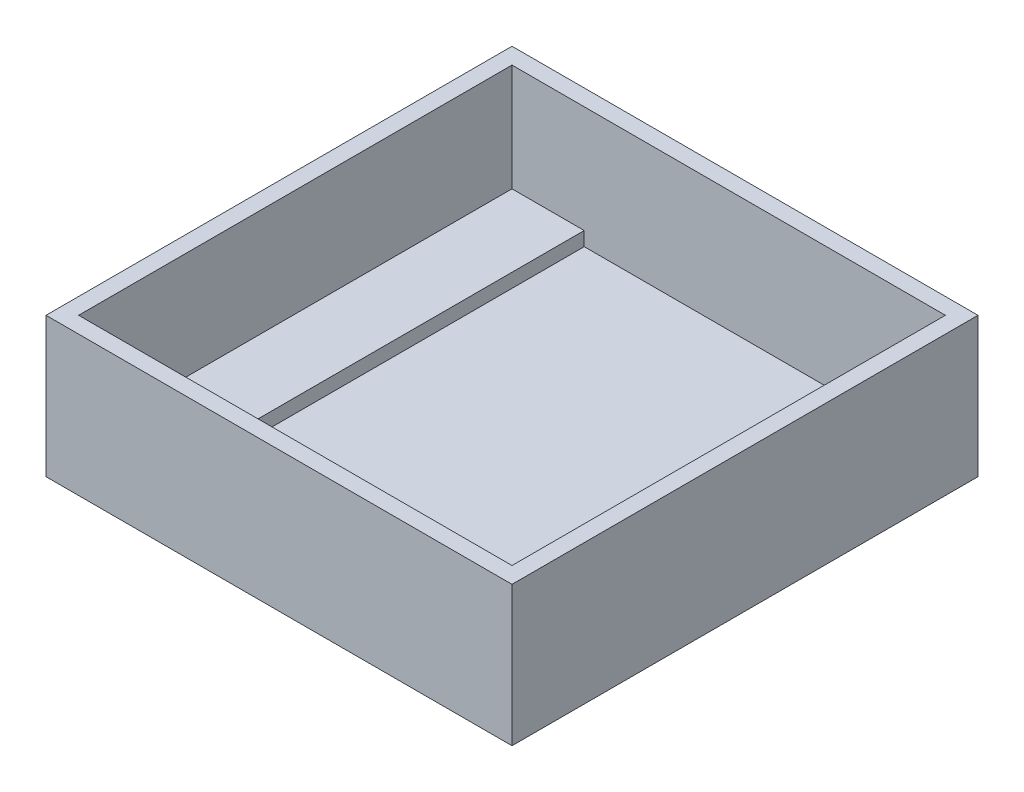
ISO-10303-21;
HEADER;
FILE_DESCRIPTION(('STEP AP214'),'2;1');
FILE_NAME('part.step','',(''),(''),'','','');
FILE_SCHEMA(('AUTOMOTIVE_DESIGN { 1 0 10303 214 1 1 1 1 }'));
ENDSEC;
DATA;
#1=APPLICATION_CONTEXT('core data for automotive mechanical design processes');
#2=APPLICATION_PROTOCOL_DEFINITION('international standard','automotive_design',2000,#1);
#3=PRODUCT_CONTEXT('',#1,'mechanical');
#4=PRODUCT('Part','Part','',(#3));
#5=PRODUCT_RELATED_PRODUCT_CATEGORY('part','',(#4));
#6=PRODUCT_DEFINITION_FORMATION('','',#4);
#7=PRODUCT_DEFINITION_CONTEXT('part definition',#1,'design');
#8=PRODUCT_DEFINITION('design','',#6,#7);
#9=PRODUCT_DEFINITION_SHAPE('','',#8);
#10=(LENGTH_UNIT() NAMED_UNIT(*) SI_UNIT(.MILLI.,.METRE.));
#11=(NAMED_UNIT(*) PLANE_ANGLE_UNIT() SI_UNIT($,.RADIAN.));
#12=(NAMED_UNIT(*) SI_UNIT($,.STERADIAN.) SOLID_ANGLE_UNIT());
#13=UNCERTAINTY_MEASURE_WITH_UNIT(LENGTH_MEASURE(1.E-05),#10,'distance_accuracy_value','');
#14=(GEOMETRIC_REPRESENTATION_CONTEXT(3) GLOBAL_UNCERTAINTY_ASSIGNED_CONTEXT((#13)) GLOBAL_UNIT_ASSIGNED_CONTEXT((#10,
#11,#12)) REPRESENTATION_CONTEXT('',''));
#15=CARTESIAN_POINT('',(0.,0.,0.));
#16=DIRECTION('',(0.,0.,1.));
#17=DIRECTION('',(1.,0.,0.));
#18=AXIS2_PLACEMENT_3D('',#15,#16,#17);
#19=CARTESIAN_POINT('',(1.33226762955019E-12,300.,-465.000000000001));
#20=DIRECTION('',(0.,0.,1.));
#21=DIRECTION('',(1.,0.,0.));
#22=AXIS2_PLACEMENT_3D('',#19,#20,#21);
#23=PLANE('',#22);
#24=DIRECTION('',(1.,0.,0.));
#25=VECTOR('',#24,1.);
#26=CARTESIAN_POINT('',(0.,40.,-465.));
#27=LINE('',#26,#25);
#28=CARTESIAN_POINT('',(-310.,40.,-465.));
#29=VERTEX_POINT('',#28);
#30=CARTESIAN_POINT('',(310.,40.,-465.));
#31=VERTEX_POINT('',#30);
#32=EDGE_CURVE('E147',#29,#31,#27,.T.);
#33=ORIENTED_EDGE('',*,*,#32,.T.);
#34=DIRECTION('',(0.,-1.,0.));
#35=VECTOR('',#34,1.);
#36=CARTESIAN_POINT('',(310.,70.,-465.));
#37=LINE('',#36,#35);
#38=CARTESIAN_POINT('',(310.,70.,-465.));
#39=VERTEX_POINT('',#38);
#40=EDGE_CURVE('E133',#39,#31,#37,.T.);
#41=ORIENTED_EDGE('',*,*,#40,.F.);
#42=DIRECTION('',(-1.,0.,0.));
#43=VECTOR('',#42,1.);
#44=CARTESIAN_POINT('',(1.33226762955019E-12,70.,-465.000000000001));
#45=LINE('',#44,#43);
#46=CARTESIAN_POINT('',(464.999999999999,70.,-465.));
#47=VERTEX_POINT('',#46);
#48=EDGE_CURVE('E164',#47,#39,#45,.T.);
#49=ORIENTED_EDGE('',*,*,#48,.F.);
#50=DIRECTION('',(0.,-1.,0.));
#51=VECTOR('',#50,1.);
#52=CARTESIAN_POINT('',(464.999999999999,300.,-465.));
#53=LINE('',#52,#51);
#54=CARTESIAN_POINT('',(464.999999999999,300.,-465.));
#55=VERTEX_POINT('',#54);
#56=EDGE_CURVE('E42',#55,#47,#53,.T.);
#57=ORIENTED_EDGE('',*,*,#56,.F.);
#58=DIRECTION('',(-1.,0.,0.));
#59=VECTOR('',#58,1.);
#60=CARTESIAN_POINT('',(1.33226762955019E-12,300.,-465.000000000001));
#61=LINE('',#60,#59);
#62=CARTESIAN_POINT('',(-465.,300.,-465.));
#63=VERTEX_POINT('',#62);
#64=EDGE_CURVE('E191',#55,#63,#61,.T.);
#65=ORIENTED_EDGE('',*,*,#64,.T.);
#66=DIRECTION('',(0.,-1.,0.));
#67=VECTOR('',#66,1.);
#68=CARTESIAN_POINT('',(-465.,300.,-465.));
#69=LINE('',#68,#67);
#70=CARTESIAN_POINT('',(-465.,70.,-465.));
#71=VERTEX_POINT('',#70);
#72=EDGE_CURVE('E223',#63,#71,#69,.T.);
#73=ORIENTED_EDGE('',*,*,#72,.T.);
#74=DIRECTION('',(-1.,0.,0.));
#75=VECTOR('',#74,1.);
#76=CARTESIAN_POINT('',(0.,70.,-465.));
#77=LINE('',#76,#75);
#78=CARTESIAN_POINT('',(-310.,70.,-465.));
#79=VERTEX_POINT('',#78);
#80=EDGE_CURVE('E182',#79,#71,#77,.T.);
#81=ORIENTED_EDGE('',*,*,#80,.F.);
#82=DIRECTION('',(0.,-1.,0.));
#83=VECTOR('',#82,1.);
#84=CARTESIAN_POINT('',(-310.,70.,-465.));
#85=LINE('',#84,#83);
#86=EDGE_CURVE('E149',#79,#29,#85,.T.);
#87=ORIENTED_EDGE('',*,*,#86,.T.);
#88=EDGE_LOOP('',(#33,#41,#49,#57,#65,#73,#81,#87));
#89=FACE_BOUND('',#88,.T.);
#90=ADVANCED_FACE('F39',(#89),#23,.T.);
#91=CARTESIAN_POINT('',(4.99600361081322E-13,300.,465.));
#92=DIRECTION('',(0.,0.,-1.));
#93=DIRECTION('',(-1.,0.,0.));
#94=AXIS2_PLACEMENT_3D('',#91,#92,#93);
#95=PLANE('',#94);
#96=DIRECTION('',(1.,0.,0.));
#97=VECTOR('',#96,1.);
#98=CARTESIAN_POINT('',(0.,40.,465.));
#99=LINE('',#98,#97);
#100=CARTESIAN_POINT('',(-310.,40.,465.));
#101=VERTEX_POINT('',#100);
#102=CARTESIAN_POINT('',(310.,40.,465.));
#103=VERTEX_POINT('',#102);
#104=EDGE_CURVE('E56',#101,#103,#99,.T.);
#105=ORIENTED_EDGE('',*,*,#104,.F.);
#106=DIRECTION('',(0.,-1.,0.));
#107=VECTOR('',#106,1.);
#108=CARTESIAN_POINT('',(-310.,70.,465.));
#109=LINE('',#108,#107);
#110=CARTESIAN_POINT('',(-310.,70.,465.));
#111=VERTEX_POINT('',#110);
#112=EDGE_CURVE('E187',#111,#101,#109,.T.);
#113=ORIENTED_EDGE('',*,*,#112,.F.);
#114=DIRECTION('',(1.,0.,0.));
#115=VECTOR('',#114,1.);
#116=CARTESIAN_POINT('',(1.66533453693773E-12,70.,464.999999999999));
#117=LINE('',#116,#115);
#118=CARTESIAN_POINT('',(-465.,70.,465.000000000001));
#119=VERTEX_POINT('',#118);
#120=EDGE_CURVE('E176',#119,#111,#117,.T.);
#121=ORIENTED_EDGE('',*,*,#120,.F.);
#122=DIRECTION('',(0.,-1.,0.));
#123=VECTOR('',#122,1.);
#124=CARTESIAN_POINT('',(-465.,300.,465.000000000001));
#125=LINE('',#124,#123);
#126=CARTESIAN_POINT('',(-465.,300.,465.000000000001));
#127=VERTEX_POINT('',#126);
#128=EDGE_CURVE('E249',#127,#119,#125,.T.);
#129=ORIENTED_EDGE('',*,*,#128,.F.);
#130=DIRECTION('',(1.,0.,0.));
#131=VECTOR('',#130,1.);
#132=CARTESIAN_POINT('',(4.99600361081322E-13,300.,465.));
#133=LINE('',#132,#131);
#134=CARTESIAN_POINT('',(465.,300.,465.));
#135=VERTEX_POINT('',#134);
#136=EDGE_CURVE('E200',#127,#135,#133,.T.);
#137=ORIENTED_EDGE('',*,*,#136,.T.);
#138=DIRECTION('',(0.,-1.,0.));
#139=VECTOR('',#138,1.);
#140=CARTESIAN_POINT('',(465.,300.,465.));
#141=LINE('',#140,#139);
#142=CARTESIAN_POINT('',(465.,70.,465.));
#143=VERTEX_POINT('',#142);
#144=EDGE_CURVE('E252',#135,#143,#141,.T.);
#145=ORIENTED_EDGE('',*,*,#144,.T.);
#146=DIRECTION('',(1.,0.,0.));
#147=VECTOR('',#146,1.);
#148=CARTESIAN_POINT('',(4.99600361081322E-13,70.,465.));
#149=LINE('',#148,#147);
#150=CARTESIAN_POINT('',(310.,70.,465.));
#151=VERTEX_POINT('',#150);
#152=EDGE_CURVE('E169',#151,#143,#149,.T.);
#153=ORIENTED_EDGE('',*,*,#152,.F.);
#154=DIRECTION('',(0.,-1.,0.));
#155=VECTOR('',#154,1.);
#156=CARTESIAN_POINT('',(310.,70.,465.));
#157=LINE('',#156,#155);
#158=EDGE_CURVE('E144',#151,#103,#157,.T.);
#159=ORIENTED_EDGE('',*,*,#158,.T.);
#160=EDGE_LOOP('',(#105,#113,#121,#129,#137,#145,#153,#159));
#161=FACE_BOUND('',#160,.T.);
#162=ADVANCED_FACE('F288',(#161),#95,.T.);
#163=CARTESIAN_POINT('',(0.,300.,500.));
#164=DIRECTION('',(0.,0.,-1.));
#165=DIRECTION('',(-1.,0.,0.));
#166=AXIS2_PLACEMENT_3D('',#163,#164,#165);
#167=PLANE('',#166);
#168=DIRECTION('',(1.,0.,0.));
#169=VECTOR('',#168,1.);
#170=CARTESIAN_POINT('',(0.,0.,500.));
#171=LINE('',#170,#169);
#172=CARTESIAN_POINT('',(-500.,0.,500.));
#173=VERTEX_POINT('',#172);
#174=CARTESIAN_POINT('',(500.,0.,500.));
#175=VERTEX_POINT('',#174);
#176=EDGE_CURVE('E190',#173,#175,#171,.T.);
#177=ORIENTED_EDGE('',*,*,#176,.T.);
#178=DIRECTION('',(0.,-1.,0.));
#179=VECTOR('',#178,1.);
#180=CARTESIAN_POINT('',(500.,300.,500.));
#181=LINE('',#180,#179);
#182=CARTESIAN_POINT('',(500.,300.,500.));
#183=VERTEX_POINT('',#182);
#184=EDGE_CURVE('E11',#183,#175,#181,.T.);
#185=ORIENTED_EDGE('',*,*,#184,.F.);
#186=DIRECTION('',(1.,0.,0.));
#187=VECTOR('',#186,1.);
#188=CARTESIAN_POINT('',(0.,300.,500.));
#189=LINE('',#188,#187);
#190=CARTESIAN_POINT('',(-500.,300.,500.));
#191=VERTEX_POINT('',#190);
#192=EDGE_CURVE('E208',#191,#183,#189,.T.);
#193=ORIENTED_EDGE('',*,*,#192,.F.);
#194=DIRECTION('',(0.,-1.,0.));
#195=VECTOR('',#194,1.);
#196=CARTESIAN_POINT('',(-500.,300.,500.));
#197=LINE('',#196,#195);
#198=EDGE_CURVE('E238',#191,#173,#197,.T.);
#199=ORIENTED_EDGE('',*,*,#198,.T.);
#200=EDGE_LOOP('',(#177,#185,#193,#199));
#201=FACE_BOUND('',#200,.T.);
#202=ADVANCED_FACE('F292',(#201),#167,.F.);
#203=CARTESIAN_POINT('',(500.,300.,0.));
#204=DIRECTION('',(-1.,0.,0.));
#205=DIRECTION('',(0.,0.,1.));
#206=AXIS2_PLACEMENT_3D('',#203,#204,#205);
#207=PLANE('',#206);
#208=DIRECTION('',(0.,0.,-1.));
#209=VECTOR('',#208,1.);
#210=CARTESIAN_POINT('',(500.,0.,0.));
#211=LINE('',#210,#209);
#212=CARTESIAN_POINT('',(500.,0.,-500.));
#213=VERTEX_POINT('',#212);
#214=EDGE_CURVE('E227',#175,#213,#211,.T.);
#215=ORIENTED_EDGE('',*,*,#214,.T.);
#216=DIRECTION('',(0.,-1.,0.));
#217=VECTOR('',#216,1.);
#218=CARTESIAN_POINT('',(500.,300.,-500.));
#219=LINE('',#218,#217);
#220=CARTESIAN_POINT('',(500.,300.,-500.));
#221=VERTEX_POINT('',#220);
#222=EDGE_CURVE('E48',#221,#213,#219,.T.);
#223=ORIENTED_EDGE('',*,*,#222,.F.);
#224=DIRECTION('',(0.,0.,-1.));
#225=VECTOR('',#224,1.);
#226=CARTESIAN_POINT('',(500.,300.,0.));
#227=LINE('',#226,#225);
#228=EDGE_CURVE('E212',#183,#221,#227,.T.);
#229=ORIENTED_EDGE('',*,*,#228,.F.);
#230=ORIENTED_EDGE('',*,*,#184,.T.);
#231=EDGE_LOOP('',(#215,#223,#229,#230));
#232=FACE_BOUND('',#231,.T.);
#233=ADVANCED_FACE('F297',(#232),#207,.F.);
#234=CARTESIAN_POINT('',(0.,300.,-500.));
#235=DIRECTION('',(0.,0.,-1.));
#236=DIRECTION('',(-1.,0.,0.));
#237=AXIS2_PLACEMENT_3D('',#234,#235,#236);
#238=PLANE('',#237);
#239=DIRECTION('',(1.,0.,0.));
#240=VECTOR('',#239,1.);
#241=CARTESIAN_POINT('',(0.,0.,-500.));
#242=LINE('',#241,#240);
#243=CARTESIAN_POINT('',(-500.,0.,-500.));
#244=VERTEX_POINT('',#243);
#245=EDGE_CURVE('E231',#244,#213,#242,.T.);
#246=ORIENTED_EDGE('',*,*,#245,.F.);
#247=DIRECTION('',(0.,-1.,0.));
#248=VECTOR('',#247,1.);
#249=CARTESIAN_POINT('',(-500.,300.,-500.));
#250=LINE('',#249,#248);
#251=CARTESIAN_POINT('',(-500.,300.,-500.));
#252=VERTEX_POINT('',#251);
#253=EDGE_CURVE('E241',#252,#244,#250,.T.);
#254=ORIENTED_EDGE('',*,*,#253,.F.);
#255=DIRECTION('',(1.,0.,0.));
#256=VECTOR('',#255,1.);
#257=CARTESIAN_POINT('',(0.,300.,-500.));
#258=LINE('',#257,#256);
#259=EDGE_CURVE('E215',#252,#221,#258,.T.);
#260=ORIENTED_EDGE('',*,*,#259,.T.);
#261=ORIENTED_EDGE('',*,*,#222,.T.);
#262=EDGE_LOOP('',(#246,#254,#260,#261));
#263=FACE_BOUND('',#262,.T.);
#264=ADVANCED_FACE('F302',(#263),#238,.T.);
#265=CARTESIAN_POINT('',(464.999999999999,300.,0.));
#266=DIRECTION('',(-1.,0.,0.));
#267=DIRECTION('',(0.,0.,1.));
#268=AXIS2_PLACEMENT_3D('',#265,#266,#267);
#269=PLANE('',#268);
#270=DIRECTION('',(0.,0.,-1.));
#271=VECTOR('',#270,1.);
#272=CARTESIAN_POINT('',(464.999999999999,70.,0.));
#273=LINE('',#272,#271);
#274=EDGE_CURVE('E161',#143,#47,#273,.T.);
#275=ORIENTED_EDGE('',*,*,#274,.F.);
#276=ORIENTED_EDGE('',*,*,#144,.F.);
#277=DIRECTION('',(0.,0.,-1.));
#278=VECTOR('',#277,1.);
#279=CARTESIAN_POINT('',(464.999999999999,300.,0.));
#280=LINE('',#279,#278);
#281=EDGE_CURVE('E195',#135,#55,#280,.T.);
#282=ORIENTED_EDGE('',*,*,#281,.T.);
#283=ORIENTED_EDGE('',*,*,#56,.T.);
#284=EDGE_LOOP('',(#275,#276,#282,#283));
#285=FACE_BOUND('',#284,.T.);
#286=ADVANCED_FACE('F260',(#285),#269,.T.);
#287=CARTESIAN_POINT('',(-465.,300.,0.));
#288=DIRECTION('',(1.,0.,0.));
#289=DIRECTION('',(0.,0.,-1.));
#290=AXIS2_PLACEMENT_3D('',#287,#288,#289);
#291=PLANE('',#290);
#292=DIRECTION('',(0.,0.,1.));
#293=VECTOR('',#292,1.);
#294=CARTESIAN_POINT('',(-465.,70.,0.));
#295=LINE('',#294,#293);
#296=EDGE_CURVE('E143',#71,#119,#295,.T.);
#297=ORIENTED_EDGE('',*,*,#296,.F.);
#298=ORIENTED_EDGE('',*,*,#72,.F.);
#299=DIRECTION('',(0.,0.,1.));
#300=VECTOR('',#299,1.);
#301=CARTESIAN_POINT('',(-465.,300.,0.));
#302=LINE('',#301,#300);
#303=EDGE_CURVE('E204',#63,#127,#302,.T.);
#304=ORIENTED_EDGE('',*,*,#303,.T.);
#305=ORIENTED_EDGE('',*,*,#128,.T.);
#306=EDGE_LOOP('',(#297,#298,#304,#305));
#307=FACE_BOUND('',#306,.T.);
#308=ADVANCED_FACE('F270',(#307),#291,.T.);
#309=CARTESIAN_POINT('',(-500.,300.,0.));
#310=DIRECTION('',(-1.,0.,0.));
#311=DIRECTION('',(0.,0.,1.));
#312=AXIS2_PLACEMENT_3D('',#309,#310,#311);
#313=PLANE('',#312);
#314=DIRECTION('',(0.,0.,-1.));
#315=VECTOR('',#314,1.);
#316=CARTESIAN_POINT('',(-500.,0.,0.));
#317=LINE('',#316,#315);
#318=EDGE_CURVE('E196',#173,#244,#317,.T.);
#319=ORIENTED_EDGE('',*,*,#318,.F.);
#320=ORIENTED_EDGE('',*,*,#198,.F.);
#321=DIRECTION('',(0.,0.,-1.));
#322=VECTOR('',#321,1.);
#323=CARTESIAN_POINT('',(-500.,300.,0.));
#324=LINE('',#323,#322);
#325=EDGE_CURVE('E219',#191,#252,#324,.T.);
#326=ORIENTED_EDGE('',*,*,#325,.T.);
#327=ORIENTED_EDGE('',*,*,#253,.T.);
#328=EDGE_LOOP('',(#319,#320,#326,#327));
#329=FACE_BOUND('',#328,.T.);
#330=ADVANCED_FACE('F307',(#329),#313,.T.);
#331=CARTESIAN_POINT('',(0.,300.,0.));
#332=DIRECTION('',(0.,1.,0.));
#333=DIRECTION('',(0.,0.,1.));
#334=AXIS2_PLACEMENT_3D('',#331,#332,#333);
#335=PLANE('',#334);
#336=ORIENTED_EDGE('',*,*,#64,.F.);
#337=ORIENTED_EDGE('',*,*,#281,.F.);
#338=ORIENTED_EDGE('',*,*,#136,.F.);
#339=ORIENTED_EDGE('',*,*,#303,.F.);
#340=EDGE_LOOP('',(#336,#337,#338,#339));
#341=FACE_BOUND('',#340,.T.);
#342=ORIENTED_EDGE('',*,*,#192,.T.);
#343=ORIENTED_EDGE('',*,*,#228,.T.);
#344=ORIENTED_EDGE('',*,*,#259,.F.);
#345=ORIENTED_EDGE('',*,*,#325,.F.);
#346=EDGE_LOOP('',(#342,#343,#344,#345));
#347=FACE_BOUND('',#346,.T.);
#348=ADVANCED_FACE('F265',(#341,#347),#335,.T.);
#349=CARTESIAN_POINT('',(0.,0.,0.));
#350=DIRECTION('',(0.,1.,0.));
#351=DIRECTION('',(0.,0.,1.));
#352=AXIS2_PLACEMENT_3D('',#349,#350,#351);
#353=PLANE('',#352);
#354=ORIENTED_EDGE('',*,*,#176,.F.);
#355=ORIENTED_EDGE('',*,*,#318,.T.);
#356=ORIENTED_EDGE('',*,*,#245,.T.);
#357=ORIENTED_EDGE('',*,*,#214,.F.);
#358=EDGE_LOOP('',(#354,#355,#356,#357));
#359=FACE_BOUND('',#358,.T.);
#360=ADVANCED_FACE('F277',(#359),#353,.F.);
#361=CARTESIAN_POINT('',(-310.,70.,0.));
#362=DIRECTION('',(-1.,0.,0.));
#363=DIRECTION('',(0.,0.,1.));
#364=AXIS2_PLACEMENT_3D('',#361,#362,#363);
#365=PLANE('',#364);
#366=ORIENTED_EDGE('',*,*,#112,.T.);
#367=DIRECTION('',(0.,0.,-1.));
#368=VECTOR('',#367,1.);
#369=CARTESIAN_POINT('',(-310.,40.,0.));
#370=LINE('',#369,#368);
#371=EDGE_CURVE('E63',#101,#29,#370,.T.);
#372=ORIENTED_EDGE('',*,*,#371,.T.);
#373=ORIENTED_EDGE('',*,*,#86,.F.);
#374=DIRECTION('',(0.,0.,-1.));
#375=VECTOR('',#374,1.);
#376=CARTESIAN_POINT('',(-310.,70.,0.));
#377=LINE('',#376,#375);
#378=EDGE_CURVE('E179',#111,#79,#377,.T.);
#379=ORIENTED_EDGE('',*,*,#378,.F.);
#380=EDGE_LOOP('',(#366,#372,#373,#379));
#381=FACE_BOUND('',#380,.T.);
#382=ADVANCED_FACE('F275',(#381),#365,.F.);
#383=CARTESIAN_POINT('',(0.,70.,0.));
#384=DIRECTION('',(0.,1.,0.));
#385=DIRECTION('',(0.,0.,1.));
#386=AXIS2_PLACEMENT_3D('',#383,#384,#385);
#387=PLANE('',#386);
#388=ORIENTED_EDGE('',*,*,#296,.T.);
#389=ORIENTED_EDGE('',*,*,#120,.T.);
#390=ORIENTED_EDGE('',*,*,#378,.T.);
#391=ORIENTED_EDGE('',*,*,#80,.T.);
#392=EDGE_LOOP('',(#388,#389,#390,#391));
#393=FACE_BOUND('',#392,.T.);
#394=ADVANCED_FACE('F272',(#393),#387,.T.);
#395=CARTESIAN_POINT('',(310.,70.,0.));
#396=DIRECTION('',(-1.,0.,0.));
#397=DIRECTION('',(0.,0.,1.));
#398=AXIS2_PLACEMENT_3D('',#395,#396,#397);
#399=PLANE('',#398);
#400=DIRECTION('',(0.,0.,-1.));
#401=VECTOR('',#400,1.);
#402=CARTESIAN_POINT('',(310.,40.,0.));
#403=LINE('',#402,#401);
#404=EDGE_CURVE('E137',#103,#31,#403,.T.);
#405=ORIENTED_EDGE('',*,*,#404,.F.);
#406=ORIENTED_EDGE('',*,*,#158,.F.);
#407=DIRECTION('',(0.,0.,-1.));
#408=VECTOR('',#407,1.);
#409=CARTESIAN_POINT('',(310.,70.,0.));
#410=LINE('',#409,#408);
#411=EDGE_CURVE('E139',#151,#39,#410,.T.);
#412=ORIENTED_EDGE('',*,*,#411,.T.);
#413=ORIENTED_EDGE('',*,*,#40,.T.);
#414=EDGE_LOOP('',(#405,#406,#412,#413));
#415=FACE_BOUND('',#414,.T.);
#416=ADVANCED_FACE('F135',(#415),#399,.T.);
#417=CARTESIAN_POINT('',(0.,70.,0.));
#418=DIRECTION('',(0.,1.,0.));
#419=DIRECTION('',(0.,0.,1.));
#420=AXIS2_PLACEMENT_3D('',#417,#418,#419);
#421=PLANE('',#420);
#422=ORIENTED_EDGE('',*,*,#274,.T.);
#423=ORIENTED_EDGE('',*,*,#48,.T.);
#424=ORIENTED_EDGE('',*,*,#411,.F.);
#425=ORIENTED_EDGE('',*,*,#152,.T.);
#426=EDGE_LOOP('',(#422,#423,#424,#425));
#427=FACE_BOUND('',#426,.T.);
#428=ADVANCED_FACE('F347',(#427),#421,.T.);
#429=CARTESIAN_POINT('',(0.,40.,0.));
#430=DIRECTION('',(0.,1.,0.));
#431=DIRECTION('',(0.,0.,1.));
#432=AXIS2_PLACEMENT_3D('',#429,#430,#431);
#433=PLANE('',#432);
#434=ORIENTED_EDGE('',*,*,#104,.T.);
#435=ORIENTED_EDGE('',*,*,#404,.T.);
#436=ORIENTED_EDGE('',*,*,#32,.F.);
#437=ORIENTED_EDGE('',*,*,#371,.F.);
#438=EDGE_LOOP('',(#434,#435,#436,#437));
#439=FACE_BOUND('',#438,.T.);
#440=ADVANCED_FACE('F153',(#439),#433,.T.);
#441=CLOSED_SHELL('',(#90,#162,#202,#233,#264,#286,#308,#330,#348,#360,#382,#394,#416,#428,#440));
#442=MANIFOLD_SOLID_BREP('B2',#441);
#443=ADVANCED_BREP_SHAPE_REPRESENTATION('',(#18,#442),#14);
#444=SHAPE_DEFINITION_REPRESENTATION(#9,#443);
ENDSEC;
END-ISO-10303-21;

---

TASK STATEMENT ::
What do the lines above say from the one containing "#381=FACE_BOUND('',#380,.T.);" down to the one containing "#402=CARTESIAN_POINT('',(310.,40.,0.));"? Return them exactly, both end lines included, and only them.

WRITTEN SOLUTION ::
#381=FACE_BOUND('',#380,.T.);
#382=ADVANCED_FACE('F275',(#381),#365,.F.);
#383=CARTESIAN_POINT('',(0.,70.,0.));
#384=DIRECTION('',(0.,1.,0.));
#385=DIRECTION('',(0.,0.,1.));
#386=AXIS2_PLACEMENT_3D('',#383,#384,#385);
#387=PLANE('',#386);
#388=ORIENTED_EDGE('',*,*,#296,.T.);
#389=ORIENTED_EDGE('',*,*,#120,.T.);
#390=ORIENTED_EDGE('',*,*,#378,.T.);
#391=ORIENTED_EDGE('',*,*,#80,.T.);
#392=EDGE_LOOP('',(#388,#389,#390,#391));
#393=FACE_BOUND('',#392,.T.);
#394=ADVANCED_FACE('F272',(#393),#387,.T.);
#395=CARTESIAN_POINT('',(310.,70.,0.));
#396=DIRECTION('',(-1.,0.,0.));
#397=DIRECTION('',(0.,0.,1.));
#398=AXIS2_PLACEMENT_3D('',#395,#396,#397);
#399=PLANE('',#398);
#400=DIRECTION('',(0.,0.,-1.));
#401=VECTOR('',#400,1.);
#402=CARTESIAN_POINT('',(310.,40.,0.));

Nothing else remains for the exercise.